Trees need nitrogen to grow. If soil nitrogen levels are low, then growth is limited. The ability to accurately monitor the amount of soil nitrogen in a working forest is helpful for predicting future growth and for knowing when to take corrective action (fertilizer, altered management practices) when soil nitrogen levels decline.
Efforts to monitor soil nitrogen levels have traditionally focus on a soil depth within one meter. For instance, the USDA Forest Inventory and Analysis Program monitors soils to a depth of 0.2 meters. Studies, however, show that a substantial amount (7% to 35%) of soil nitrogen exists in all soil types below one-meter depth. In addition, conifers in temperate forests can extend their roots well below one meter (old growth Douglas-fir stands can extend roots ten meters below ground) and can therefore affect nitrogen cycling at lower depths. The nitrogen present at levels below one meter is often not accounted for in ecosystem assessments, and the lack of accounting may affect the accuracy of nitrogen pool and cycling measurements.
In order to quantify the amount of deep-soil nitrogen located in Pacific Northwest working forests, researchers led by Rob Harrison at the University of Washington surveyed 22 intensively managed Douglas-fir sites in Oregon and Washington. Trees at each site were at similar age and located in a region bounded by the Pacific Ocean and the Cascade mountains. The nitrogen level was recorded at varying soil depths (maximum depth at 2.5 meters) and total nitrogen content in the soil was compared to total nitrogen estimates based on shallow sampling. Their research was partially funded by the USDA-NIFA through NARA and recently published in the Forest Ecology and Management journal.
Read Deep soil: Quantification, modeling, and significance of subsurface nitrogen here.
Total nitrogen distribution
The amount of total soil nitrogen varied extensively between sites. The site with the most soil nitrogen contained ten times more total nitrogen than the lowest rated site. The sites represented a wide range of soil types. On average, the greatest concentration of soil nitrogen occurred between 0.1 and 0.5 meters; however, 31% of the total available nitrogen was present at a depth below one meter.
Based on the total nitrogen amounts determined from the 2.5 meter sampling, the authors note that shallow soil sampling (<1.0 m depth) would have underestimated soil nitrogen stocks, which could bias both the magnitude and direction of nitrogen movement.

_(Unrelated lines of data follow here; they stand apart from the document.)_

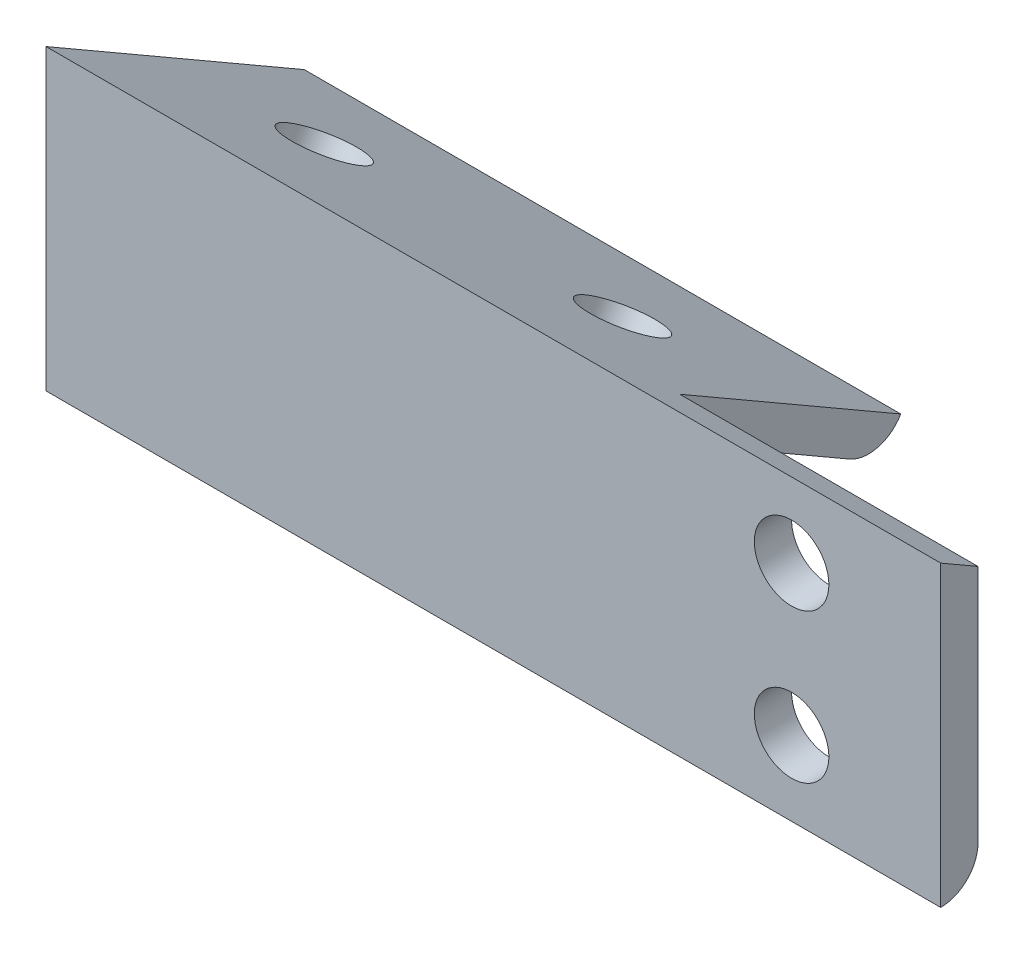
ISO-10303-21;
HEADER;
FILE_DESCRIPTION(('STEP AP214'),'2;1');
FILE_NAME('part.step','',(''),(''),'','','');
FILE_SCHEMA(('AUTOMOTIVE_DESIGN { 1 0 10303 214 1 1 1 1 }'));
ENDSEC;
DATA;
#1=APPLICATION_CONTEXT('core data for automotive mechanical design processes');
#2=APPLICATION_PROTOCOL_DEFINITION('international standard','automotive_design',2000,#1);
#3=PRODUCT_CONTEXT('',#1,'mechanical');
#4=PRODUCT('Part','Part','',(#3));
#5=PRODUCT_RELATED_PRODUCT_CATEGORY('part','',(#4));
#6=PRODUCT_DEFINITION_FORMATION('','',#4);
#7=PRODUCT_DEFINITION_CONTEXT('part definition',#1,'design');
#8=PRODUCT_DEFINITION('design','',#6,#7);
#9=PRODUCT_DEFINITION_SHAPE('','',#8);
#10=(LENGTH_UNIT() NAMED_UNIT(*) SI_UNIT(.MILLI.,.METRE.));
#11=(NAMED_UNIT(*) PLANE_ANGLE_UNIT() SI_UNIT($,.RADIAN.));
#12=(NAMED_UNIT(*) SI_UNIT($,.STERADIAN.) SOLID_ANGLE_UNIT());
#13=UNCERTAINTY_MEASURE_WITH_UNIT(LENGTH_MEASURE(1.E-05),#10,'distance_accuracy_value','');
#14=(GEOMETRIC_REPRESENTATION_CONTEXT(3) GLOBAL_UNCERTAINTY_ASSIGNED_CONTEXT((#13)) GLOBAL_UNIT_ASSIGNED_CONTEXT((#10,
#11,#12)) REPRESENTATION_CONTEXT('',''));
#15=CARTESIAN_POINT('',(0.,0.,0.));
#16=DIRECTION('',(0.,0.,1.));
#17=DIRECTION('',(1.,0.,0.));
#18=AXIS2_PLACEMENT_3D('',#15,#16,#17);
#19=CARTESIAN_POINT('',(76.2,0.,0.));
#20=DIRECTION('',(0.,-0.86602540378444,0.499999999999998));
#21=DIRECTION('',(0.,0.499999999999998,0.86602540378444));
#22=AXIS2_PLACEMENT_3D('',#19,#20,#21);
#23=PLANE('',#22);
#24=CARTESIAN_POINT('',(38.1,-6.34999999999997,-10.9985226280624));
#25=DIRECTION('',(0.,-0.86602540378444,0.499999999999998));
#26=DIRECTION('',(0.,-0.499999999999998,-0.86602540378444));
#27=AXIS2_PLACEMENT_3D('',#24,#25,#26);
#28=CIRCLE('',#27,3.17499999999998);
#29=CARTESIAN_POINT('',(38.1,-7.93749999999996,-13.748153285078));
#30=VERTEX_POINT('',#29);
#31=EDGE_CURVE('E185',#30,#30,#28,.T.);
#32=ORIENTED_EDGE('',*,*,#31,.T.);
#33=EDGE_LOOP('',(#32));
#34=FACE_BOUND('',#33,.T.);
#35=DIRECTION('',(-1.,0.,0.));
#36=VECTOR('',#35,1.);
#37=CARTESIAN_POINT('',(76.2,-12.6999999999999,-21.9970452561248));
#38=LINE('',#37,#36);
#39=CARTESIAN_POINT('',(50.8,-12.6999999999999,-21.9970452561248));
#40=VERTEX_POINT('',#39);
#41=CARTESIAN_POINT('',(0.,-12.6999999999999,-21.9970452561248));
#42=VERTEX_POINT('',#41);
#43=EDGE_CURVE('E11',#40,#42,#38,.T.);
#44=ORIENTED_EDGE('',*,*,#43,.T.);
#45=DIRECTION('',(0.,-0.499999999999998,-0.86602540378444));
#46=VECTOR('',#45,1.);
#47=CARTESIAN_POINT('',(0.,0.,0.));
#48=LINE('',#47,#46);
#49=CARTESIAN_POINT('',(0.,0.,0.));
#50=VERTEX_POINT('',#49);
#51=EDGE_CURVE('E137',#50,#42,#48,.T.);
#52=ORIENTED_EDGE('',*,*,#51,.F.);
#53=DIRECTION('',(-1.,0.,0.));
#54=VECTOR('',#53,1.);
#55=CARTESIAN_POINT('',(76.2,0.,0.));
#56=LINE('',#55,#54);
#57=CARTESIAN_POINT('',(76.2,0.,0.));
#58=VERTEX_POINT('',#57);
#59=EDGE_CURVE('E128',#58,#50,#56,.T.);
#60=ORIENTED_EDGE('',*,*,#59,.F.);
#61=DIRECTION('',(0.,-0.499999999999998,-0.86602540378444));
#62=VECTOR('',#61,1.);
#63=CARTESIAN_POINT('',(76.2,0.,0.));
#64=LINE('',#63,#62);
#65=CARTESIAN_POINT('',(76.2,-1.83308710467706,-3.175));
#66=VERTEX_POINT('',#65);
#67=EDGE_CURVE('E110',#58,#66,#64,.T.);
#68=ORIENTED_EDGE('',*,*,#67,.T.);
#69=DIRECTION('',(-1.,0.,0.));
#70=VECTOR('',#69,1.);
#71=CARTESIAN_POINT('',(50.8,-1.83308710467705,-3.17499999999999));
#72=LINE('',#71,#70);
#73=CARTESIAN_POINT('',(50.8,-1.83308710467706,-3.17499999999999));
#74=VERTEX_POINT('',#73);
#75=EDGE_CURVE('E114',#66,#74,#72,.T.);
#76=ORIENTED_EDGE('',*,*,#75,.T.);
#77=DIRECTION('',(0.,-0.499999999999998,-0.86602540378444));
#78=VECTOR('',#77,1.);
#79=CARTESIAN_POINT('',(50.8,-7.72506532850775,-13.3802056407642));
#80=LINE('',#79,#78);
#81=EDGE_CURVE('E123',#74,#40,#80,.T.);
#82=ORIENTED_EDGE('',*,*,#81,.T.);
#83=EDGE_LOOP('',(#44,#52,#60,#68,#76,#82));
#84=FACE_BOUND('',#83,.T.);
#85=CARTESIAN_POINT('',(12.7,-6.34999999999997,-10.9985226280624));
#86=DIRECTION('',(0.,-0.86602540378444,0.499999999999998));
#87=DIRECTION('',(0.,-0.499999999999998,-0.86602540378444));
#88=AXIS2_PLACEMENT_3D('',#85,#86,#87);
#89=CIRCLE('',#88,3.17499999999999);
#90=CARTESIAN_POINT('',(12.7,-7.93749999999996,-13.748153285078));
#91=VERTEX_POINT('',#90);
#92=EDGE_CURVE('E191',#91,#91,#89,.T.);
#93=ORIENTED_EDGE('',*,*,#92,.T.);
#94=EDGE_LOOP('',(#93));
#95=FACE_BOUND('',#94,.T.);
#96=ADVANCED_FACE('F37',(#34,#84,#95),#23,.F.);
#97=CARTESIAN_POINT('',(76.2,-5.49926131403117,-3.175));
#98=DIRECTION('',(0.,0.,1.));
#99=DIRECTION('',(0.,1.,0.));
#100=AXIS2_PLACEMENT_3D('',#97,#98,#99);
#101=PLANE('',#100);
#102=DIRECTION('',(-1.,0.,0.));
#103=VECTOR('',#102,1.);
#104=CARTESIAN_POINT('',(76.2,-22.225,-3.175));
#105=LINE('',#104,#103);
#106=CARTESIAN_POINT('',(63.5,-22.225,-3.175));
#107=VERTEX_POINT('',#106);
#108=CARTESIAN_POINT('',(0.,-22.225,-3.175));
#109=VERTEX_POINT('',#108);
#110=EDGE_CURVE('E152',#107,#109,#105,.T.);
#111=ORIENTED_EDGE('',*,*,#110,.T.);
#112=DIRECTION('',(0.,-1.,0.));
#113=VECTOR('',#112,1.);
#114=CARTESIAN_POINT('',(0.,-5.49926131403117,-3.175));
#115=LINE('',#114,#113);
#116=CARTESIAN_POINT('',(0.,-5.49926131403117,-3.175));
#117=VERTEX_POINT('',#116);
#118=EDGE_CURVE('E144',#117,#109,#115,.T.);
#119=ORIENTED_EDGE('',*,*,#118,.F.);
#120=DIRECTION('',(-1.,0.,0.));
#121=VECTOR('',#120,1.);
#122=CARTESIAN_POINT('',(76.2,-5.49926131403117,-3.175));
#123=LINE('',#122,#121);
#124=CARTESIAN_POINT('',(50.8,-5.49926131403117,-3.17499999999999));
#125=VERTEX_POINT('',#124);
#126=EDGE_CURVE('E155',#125,#117,#123,.T.);
#127=ORIENTED_EDGE('',*,*,#126,.F.);
#128=DIRECTION('',(0.,1.,0.));
#129=VECTOR('',#128,1.);
#130=CARTESIAN_POINT('',(50.8,-25.401,-3.17499999999999));
#131=LINE('',#130,#129);
#132=EDGE_CURVE('E119',#125,#74,#131,.T.);
#133=ORIENTED_EDGE('',*,*,#132,.T.);
#134=ORIENTED_EDGE('',*,*,#75,.F.);
#135=DIRECTION('',(0.,-1.,0.));
#136=VECTOR('',#135,1.);
#137=CARTESIAN_POINT('',(76.2,-5.49926131403117,-3.175));
#138=LINE('',#137,#136);
#139=CARTESIAN_POINT('',(76.2,-22.225,-3.175));
#140=VERTEX_POINT('',#139);
#141=EDGE_CURVE('E106',#66,#140,#138,.T.);
#142=ORIENTED_EDGE('',*,*,#141,.T.);
#143=EDGE_CURVE('E153',#140,#107,#105,.T.);
#144=ORIENTED_EDGE('',*,*,#143,.T.);
#145=CARTESIAN_POINT('',(63.5,-19.05,-3.175));
#146=DIRECTION('',(0.,0.,1.));
#147=DIRECTION('',(1.,0.,0.));
#148=AXIS2_PLACEMENT_3D('',#145,#146,#147);
#149=CIRCLE('',#148,3.17499999999998);
#150=EDGE_CURVE('E51',#107,#107,#149,.T.);
#151=ORIENTED_EDGE('',*,*,#150,.T.);
#152=EDGE_LOOP('',(#111,#119,#127,#133,#134,#142,#144,#151));
#153=FACE_BOUND('',#152,.T.);
#154=CARTESIAN_POINT('',(63.5,-6.35,-3.175));
#155=DIRECTION('',(0.,0.,1.));
#156=DIRECTION('',(1.,0.,0.));
#157=AXIS2_PLACEMENT_3D('',#154,#155,#156);
#158=CIRCLE('',#157,3.17499999999998);
#159=CARTESIAN_POINT('',(66.675,-6.35,-3.175));
#160=VERTEX_POINT('',#159);
#161=EDGE_CURVE('E179',#160,#160,#158,.T.);
#162=ORIENTED_EDGE('',*,*,#161,.T.);
#163=EDGE_LOOP('',(#162));
#164=FACE_BOUND('',#163,.T.);
#165=ADVANCED_FACE('F115',(#153,#164),#101,.F.);
#166=CARTESIAN_POINT('',(76.2,-11.1125,-19.2474145991092));
#167=DIRECTION('',(-1.,0.,0.));
#168=DIRECTION('',(0.,0.,-1.));
#169=AXIS2_PLACEMENT_3D('',#166,#167,#168);
#170=CYLINDRICAL_SURFACE('',#169,3.175);
#171=DIRECTION('',(-1.,0.,0.));
#172=VECTOR('',#171,1.);
#173=CARTESIAN_POINT('',(76.2,-13.8621306570156,-17.6599145991092));
#174=LINE('',#173,#172);
#175=CARTESIAN_POINT('',(50.8,-13.8621306570156,-17.6599145991092));
#176=VERTEX_POINT('',#175);
#177=CARTESIAN_POINT('',(0.,-13.8621306570156,-17.6599145991092));
#178=VERTEX_POINT('',#177);
#179=EDGE_CURVE('E44',#176,#178,#174,.T.);
#180=ORIENTED_EDGE('',*,*,#179,.T.);
#181=CARTESIAN_POINT('',(0.,-11.1125,-19.2474145991092));
#182=DIRECTION('',(-1.,0.,0.));
#183=DIRECTION('',(0.,0.,1.));
#184=AXIS2_PLACEMENT_3D('',#181,#182,#183);
#185=CIRCLE('',#184,3.175);
#186=EDGE_CURVE('E139',#42,#178,#185,.T.);
#187=ORIENTED_EDGE('',*,*,#186,.F.);
#188=ORIENTED_EDGE('',*,*,#43,.F.);
#189=CARTESIAN_POINT('',(50.8,-11.1125,-19.2474145991092));
#190=DIRECTION('',(1.,0.,0.));
#191=DIRECTION('',(0.,0.,-1.));
#192=AXIS2_PLACEMENT_3D('',#189,#190,#191);
#193=CIRCLE('',#192,3.175);
#194=EDGE_CURVE('E124',#40,#176,#193,.F.);
#195=ORIENTED_EDGE('',*,*,#194,.T.);
#196=EDGE_LOOP('',(#180,#187,#188,#195));
#197=FACE_BOUND('',#196,.T.);
#198=ADVANCED_FACE('F161',(#197),#170,.T.);
#199=CARTESIAN_POINT('',(76.2,-13.8621306570156,-17.6599145991092));
#200=DIRECTION('',(0.,0.866025403784439,-0.499999999999999));
#201=DIRECTION('',(0.,-0.499999999999999,-0.86602540378444));
#202=AXIS2_PLACEMENT_3D('',#199,#200,#201);
#203=PLANE('',#202);
#204=CARTESIAN_POINT('',(12.7,-9.09963065701557,-9.41102262806239));
#205=DIRECTION('',(0.,-0.866025403784439,0.499999999999999));
#206=DIRECTION('',(0.,-0.499999999999999,-0.86602540378444));
#207=AXIS2_PLACEMENT_3D('',#204,#205,#206);
#208=CIRCLE('',#207,3.17499999999999);
#209=CARTESIAN_POINT('',(12.7,-10.6871306570156,-12.160653285078));
#210=VERTEX_POINT('',#209);
#211=EDGE_CURVE('E188',#210,#210,#208,.T.);
#212=ORIENTED_EDGE('',*,*,#211,.F.);
#213=EDGE_LOOP('',(#212));
#214=FACE_BOUND('',#213,.T.);
#215=CARTESIAN_POINT('',(38.1,-9.09963065701557,-9.41102262806239));
#216=DIRECTION('',(0.,-0.866025403784439,0.499999999999999));
#217=DIRECTION('',(0.,-0.499999999999999,-0.86602540378444));
#218=AXIS2_PLACEMENT_3D('',#215,#216,#217);
#219=CIRCLE('',#218,3.17499999999999);
#220=CARTESIAN_POINT('',(38.1,-10.6871306570156,-12.160653285078));
#221=VERTEX_POINT('',#220);
#222=EDGE_CURVE('E182',#221,#221,#219,.T.);
#223=ORIENTED_EDGE('',*,*,#222,.F.);
#224=EDGE_LOOP('',(#223));
#225=FACE_BOUND('',#224,.T.);
#226=ORIENTED_EDGE('',*,*,#126,.T.);
#227=DIRECTION('',(0.,0.499999999999999,0.866025403784439));
#228=VECTOR('',#227,1.);
#229=CARTESIAN_POINT('',(0.,-13.8621306570156,-17.6599145991092));
#230=LINE('',#229,#228);
#231=EDGE_CURVE('E142',#178,#117,#230,.T.);
#232=ORIENTED_EDGE('',*,*,#231,.F.);
#233=ORIENTED_EDGE('',*,*,#179,.F.);
#234=DIRECTION('',(0.,0.499999999999999,0.86602540378444));
#235=VECTOR('',#234,1.);
#236=CARTESIAN_POINT('',(50.8,-10.4746959855233,-11.7927056407643));
#237=LINE('',#236,#235);
#238=EDGE_CURVE('E165',#176,#125,#237,.T.);
#239=ORIENTED_EDGE('',*,*,#238,.T.);
#240=EDGE_LOOP('',(#226,#232,#233,#239));
#241=FACE_BOUND('',#240,.T.);
#242=ADVANCED_FACE('F164',(#214,#225,#241),#203,.F.);
#243=CARTESIAN_POINT('',(76.2,-22.225,0.));
#244=DIRECTION('',(-1.,0.,0.));
#245=DIRECTION('',(0.,0.,-1.));
#246=AXIS2_PLACEMENT_3D('',#243,#244,#245);
#247=CYLINDRICAL_SURFACE('',#246,3.175);
#248=CARTESIAN_POINT('',(0.,-22.225,0.));
#249=DIRECTION('',(-1.,0.,0.));
#250=DIRECTION('',(0.,0.,-1.));
#251=AXIS2_PLACEMENT_3D('',#248,#249,#250);
#252=CIRCLE('',#251,3.175);
#253=CARTESIAN_POINT('',(0.,-25.4,0.));
#254=VERTEX_POINT('',#253);
#255=EDGE_CURVE('E130',#109,#254,#252,.T.);
#256=ORIENTED_EDGE('',*,*,#255,.F.);
#257=ORIENTED_EDGE('',*,*,#110,.F.);
#258=ORIENTED_EDGE('',*,*,#143,.F.);
#259=CARTESIAN_POINT('',(76.2,-22.225,0.));
#260=DIRECTION('',(-1.,0.,0.));
#261=DIRECTION('',(0.,0.,-1.));
#262=AXIS2_PLACEMENT_3D('',#259,#260,#261);
#263=CIRCLE('',#262,3.175);
#264=CARTESIAN_POINT('',(76.2,-25.4,0.));
#265=VERTEX_POINT('',#264);
#266=EDGE_CURVE('E90',#140,#265,#263,.T.);
#267=ORIENTED_EDGE('',*,*,#266,.T.);
#268=DIRECTION('',(-1.,0.,0.));
#269=VECTOR('',#268,1.);
#270=CARTESIAN_POINT('',(76.2,-25.4,0.));
#271=LINE('',#270,#269);
#272=EDGE_CURVE('E149',#265,#254,#271,.T.);
#273=ORIENTED_EDGE('',*,*,#272,.T.);
#274=EDGE_LOOP('',(#256,#257,#258,#267,#273));
#275=FACE_BOUND('',#274,.T.);
#276=ADVANCED_FACE('F219',(#275),#247,.T.);
#277=CARTESIAN_POINT('',(76.2,0.,0.));
#278=DIRECTION('',(0.,0.,-1.));
#279=DIRECTION('',(0.,-1.,0.));
#280=AXIS2_PLACEMENT_3D('',#277,#278,#279);
#281=PLANE('',#280);
#282=CARTESIAN_POINT('',(63.5,-6.35,0.));
#283=DIRECTION('',(0.,0.,1.));
#284=DIRECTION('',(0.,-1.,0.));
#285=AXIS2_PLACEMENT_3D('',#282,#283,#284);
#286=CIRCLE('',#285,3.17499999999999);
#287=CARTESIAN_POINT('',(63.5,-9.52499999999999,0.));
#288=VERTEX_POINT('',#287);
#289=EDGE_CURVE('E176',#288,#288,#286,.T.);
#290=ORIENTED_EDGE('',*,*,#289,.F.);
#291=EDGE_LOOP('',(#290));
#292=FACE_BOUND('',#291,.T.);
#293=CARTESIAN_POINT('',(63.5,-19.05,0.));
#294=DIRECTION('',(0.,0.,1.));
#295=DIRECTION('',(0.,-1.,0.));
#296=AXIS2_PLACEMENT_3D('',#293,#294,#295);
#297=CIRCLE('',#296,3.17499999999999);
#298=CARTESIAN_POINT('',(63.5,-22.225,0.));
#299=VERTEX_POINT('',#298);
#300=EDGE_CURVE('E172',#299,#299,#297,.T.);
#301=ORIENTED_EDGE('',*,*,#300,.F.);
#302=EDGE_LOOP('',(#301));
#303=FACE_BOUND('',#302,.T.);
#304=DIRECTION('',(0.,1.,0.));
#305=VECTOR('',#304,1.);
#306=CARTESIAN_POINT('',(0.,0.,0.));
#307=LINE('',#306,#305);
#308=EDGE_CURVE('E85',#254,#50,#307,.T.);
#309=ORIENTED_EDGE('',*,*,#308,.F.);
#310=ORIENTED_EDGE('',*,*,#272,.F.);
#311=DIRECTION('',(0.,1.,0.));
#312=VECTOR('',#311,1.);
#313=CARTESIAN_POINT('',(76.2,0.,0.));
#314=LINE('',#313,#312);
#315=EDGE_CURVE('E59',#265,#58,#314,.T.);
#316=ORIENTED_EDGE('',*,*,#315,.T.);
#317=ORIENTED_EDGE('',*,*,#59,.T.);
#318=EDGE_LOOP('',(#309,#310,#316,#317));
#319=FACE_BOUND('',#318,.T.);
#320=ADVANCED_FACE('F226',(#292,#303,#319),#281,.F.);
#321=CARTESIAN_POINT('',(76.2,-11.1125,-19.2474145991092));
#322=DIRECTION('',(1.,0.,0.));
#323=DIRECTION('',(0.,0.,1.));
#324=AXIS2_PLACEMENT_3D('',#321,#322,#323);
#325=PLANE('',#324);
#326=ORIENTED_EDGE('',*,*,#67,.F.);
#327=ORIENTED_EDGE('',*,*,#315,.F.);
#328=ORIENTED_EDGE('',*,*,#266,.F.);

Equations to account for deep soil nitrogen
Determining the total nitrogen content from soil samples to a depth of 2.5 meters is often not practical due to time, budget, safety and logistical limitations. The authors therefore, tested various equations to project total nitrogen content based on nitrogen amounts from samples taken at a maximum depth of 1 meter and 1.5 meters. They then compared the projected results with total nitrogen based on samples collected up to 2.5 meters by applying the logarithmic function, Langmuir equation, log-log function and exponential function to extrapolate total nitrogen content based on sample data. Models using the data from 1 meter sampling had a mean error across all 22 sites that ranged from -10.9% to -27.7% with the logarithmic function providing the closest estimation to the total nitrogen content established with the 2.5 meter sampling. Models using the data from 1.5 meter sampling reduced the mean error to -7.6% using the Langmuir equation.
Conclusion
This paper does four things: 1) quantifies the amount and relative distribution of nitrogen in the soil, 2) determines the effect of sampling depth on soil nitrogen estimates, 3) evaluates the ability for mathematical models to accurately predict total nitrogen at 2.5 meters based on shallower sampling to 1 and 1.5 meters, 4) assesses which soils are most important to sample deeply for nitrogen.
The results from this paper suggest that measuring total nitrogen based on surface soil samples can bias estimates. Measures used to determine total soil nitrogen should incorporate sampling to at least 1-1.5 meters in depth or as deep as possible. A statistically significant difference in total nitrogen was recorded all the way down to 2 meters; however, modeling total nitrogen with samples taken within 1-1.5 meters can produce reasonably accurate results.
If researchers desire a greater number of samples in space, then designing a limited subset of deep soil samples at each site/stand could maximize their capability to model deep soil nitrogen from their more shallow samples.
This research contributes well to NARA’s efforts. Establishing accurate methods to monitor nitrogen levels in working forests is a critical step in evaluating the environmental sustainability of using forest residuals to produce biojet fuel and other co-products.